Sarah Milligan-Toffler, of Minneapolis, Minnesota, is a 1983 graduate of Sidney High School. The award is named in appreciation of the career of Fran Mainella, who was the first woman director of the National Park Service. As director, Mainella focused some of her many efforts on creating systems of connected parks and developing innovative partnerships to expand services. Mainella was previously the director of the Florida State Park Service and the executive director of the Florida Recreation and Park Association. The award recognizes sustained and innovative achievement by a woman in the management of North America’s natural, historic or cultural heritage.
The 2017 Fran P. Mainella Award was presented to Milligan-Toffler, who’s 30-year career has been focused on ensuring that women, vulnerable children, people with disabilities, veterans and other underserved populations have access to the healing power of nature in their everyday lives.

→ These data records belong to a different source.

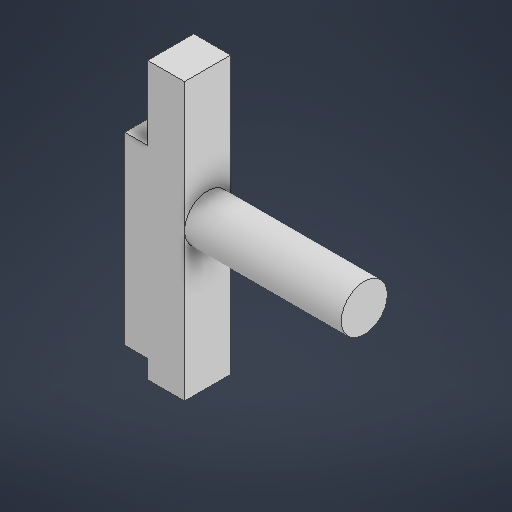
# Autodesk Inventor part: contact_axis
Saved by Autodesk Inventor 2027 (Build 310192000, 192)
## iProperties
Created: 2026-05-24
Part Number: contact_axis
Material: Generic
Document SubType Name: Modeling
Designer: alexy
Density: 1 g/cm^3
Appearance: Default
Author: alexy
Autodesk Inventor part; units mm, degrees
ref_plane "YZ Plane" through (0, 0, 0) normal (1, 0, 0) x (0, 1, 0)
ref_plane "XZ Plane" through (0, 0, 0) normal (0, 1, 0) x (-1, 0, 0)
ref_plane "XY Plane" through (0, 0, 0) normal (0, 0, 1) x (1, 0, 0)
sketch "Sketch1" plane through (0, 0, 0) normal (0, 0, 1) x (1, 0, 0)
  line L0 (0, 0) -> (4, 0)
  line L1 (4, 0) -> (4, 30)
  line L2 (4, 30) -> (0, 30)
  line L3 (0, 30) -> (0, 0)
  line L4 (-2.5, 22) -> (0, 22)
  line L5 (0, 22) -> (0, 2)
  line L6 (0, 2) -> (-2.5, 2)
  line L7 (-2.5, 2) -> (-2.5, 22)
  point P0 (-1.25, 2)
  point P1 (0, 22)
  dimension "d0" = 2.5
  dimension "d1" = 20
  dimension "d2" = 30
  dimension "d3" = 4
  dimension "d4" = 2
  constraints: 16 end point, 4 parallel, 2 horizontal, 2 perpendicular, 1 midpoint, 1 point on line
  measures "d0" distance of L5.end L6.end
  measures "d1" distance of L6.end L4.start
  measures "d2" distance of L0.end L1.end
  measures "d3" distance of L0.start L0.end
  measures "d4" vertical distance of L0.start point (-1.25, 2)
extrude "Extrusion1" add sketch "Sketch1" along normal blind 5
sketch "Sketch2" plane through (4, 0, 0) normal (1, 0, 0) x (0, 0, -1)
  circle A0 centre (-2.5, 16) radius 2.5
  line L0 (0, 0) -> (0, 30) projected
  line L1 (0, 30) -> (-5, 30) projected
  point P0 (-2.5, 30)
  dimension "d7" = 14
  constraints: 1 centre point, 1 midpoint, 1 tangent, 1 vertical alignment
  measures "d7" distance from line of L1 A0.centre
extrude "Extrusion2" add sketch "Sketch2" along normal blind 17
body "Solid1"

From 1990 to 2013, Milligan-Toffler served as the associate executive director of Wilderness Inquiry, a national leader in providing wilderness trips and environmental education activities for more than 30,000 underserved children and families annually. Since 2013, Milligan-Toffler has served as the executive director of the Children & Nature Network (C&NN). In that role, she is leading efforts to grow the global movement to increase equitable access to nature so that children and natural places can thrive.
She has helped to grow the evidence base for nature through C&NN’s Research Library, which now holds more than 600 scientific articles on nature’s role in children’s healthy development and wellbeing. In collaboration with St. Paul, Minnesota, Mayor Christopher Coleman, she established a partnership between the National League of Cities and C&NN to create “Cities Promoting Access to Nature,” to engage mayors and municipal leaders across the United States in reimagining cities as places of nature connection for more children where they live.
In 2016, Milligan-Toffler was invited to speak at the White House Roundtable on Diversity, Youth, and the Outdoors and the White House Roundtable on the Health Benefits of the Outdoors. She is a co-author of the Wingspread Declaration on Health and Nature (2014). She was a recipient of the Minnesota Council on Nonprofits Nonprofit Excellence Award (2010) and the Minnesota Environmental Fund Leadership Award (1998). She has provided keynote addresses and presentations for many organizations including the Blue Sky Funders Forum, the North American Association of Environmental Education, Camp Fire, the National League of Cities Annual Congress of Cities, amongst others.
Milligan-Toffler is an avid runner and enjoys the many miles of wooded trails along the lakes and rivers in Minneapolis, Minnesota, where she lives with her husband, Jeff. They have one adult son who is completing his studies at the University of Wisconsin.